Desde que, en el número 30 de Ciencia Hoy,
salió una carta de la lectora Alicia Iribarren reclamando por la falta de acentos en
pronombres demostrativos, seguida de una impecable, ilustrativa y hasta humorística
respuesta de los editores, me he deleitado con los esfuerzos de la revista por cultivar la
corrección de la lengua en todos sus aspectos. Pero, igual que la mencionada lectora con
sus pronombres, sufrí un sobresalto cuando leí la reseña de La lógica de las
extinciones, aparecida en el número 36 con la firma de Paulina Nabel, porque, a
diferencia de otros artículos sobre temas geológicos (por ejemplo, "Sudamérica: un
mosaico de continentes y océanos", 33:24-29), en la nota en cuestión aparecen los
nombres de los períodos geológicos con mayúscula. ¿Qué pasó? ¿Trátase de un
repentino ataque del virus de la mayusculitis? ¿Cuál es la grafía correcta?

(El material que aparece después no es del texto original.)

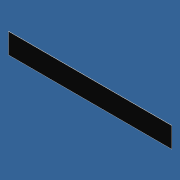
# Autodesk Inventor part: Velcro
Saved by Autodesk Inventor 2012 (Build 160160000, 160)
## iProperties
Created: 2010-10-06
Part Number: Velcro
Document SubType Name: Modeling
Designer: mcyr
Density: 1 g/cm^3
Material: Default
Author: mcyr
Autodesk Inventor part; units mm, degrees
ref_plane "YZ Plane" through (0, 0, 0) normal (1, 0, 0) x (0, 1, 0)
ref_plane "XZ Plane" through (0, 0, 0) normal (0, 1, 0) x (-1, 0, 0)
ref_plane "XY Plane" through (0, 0, 0) normal (0, 0, 1) x (1, 0, 0)
sketch "Sketch1" plane through (0, 0, 0) normal (0, 0, 1) x (1, 0, 0)
  line L0 (-25.5063, 25.0723) -> (380.8937, 25.0723)
  line L1 (380.8937, 25.0723) -> (380.8937, -25.7277)
  line L2 (380.8937, -25.7277) -> (-25.5063, -25.7277)
  line L3 (-25.5063, -25.7277) -> (-25.5063, 25.0723)
  point P0 (0, 0)
  dimension "d0" = 406.4
  dimension "d1" = 50.8
  constraints: 8 end point, 2 parallel, 1 horizontal, 1 perpendicular
  measures "d0" distance of L0.start L0.end
  measures "d1" distance of L2.end L0.start
extrude "Extrusion1" add sketch "Sketch1" along normal blind 0.635
body "Solid1"

Graciela Sobeslawsky, Córdoba
No se alarme la gentil lectora mediterránea. Los nombres de los períodos
geológicos se escriben con minúscula. Así pueden encontrarse en el diccionario de la
Real Academia (búsquese, por ejemplo, la palabra cuaternario). En José Martínez de
Sousa, Dudas y errores de lenguaje (Paraninfo, Madrid, 1983), se lee: [se escriben con
minúscula] ...los nombres de períodos o estratos geológicos: pleistoceno, oligoceno,
holoceno, cretáceo, jurásico, pérmico. En el caso de la reseña en cuestión, la autora
pidió expresamente el uso de las mayúsculas, para no apartarse de las prácticas usuales
entre su grupo de pares, y los editores - que hubiesen preferido ceñirse a la ortodoxia
gramatical castellana - accedieron. Podría recordarse aquí el comentario de María
Moliner (Diccionario de uso del español, Gredos, Madrid, 1990, t.2, p.372): [en
castellano]... el uso de la mayúscula tiene más valor reverencial que gramatical (lo
tiene gramatical en alemán); puede decirse que es un signo psicológico.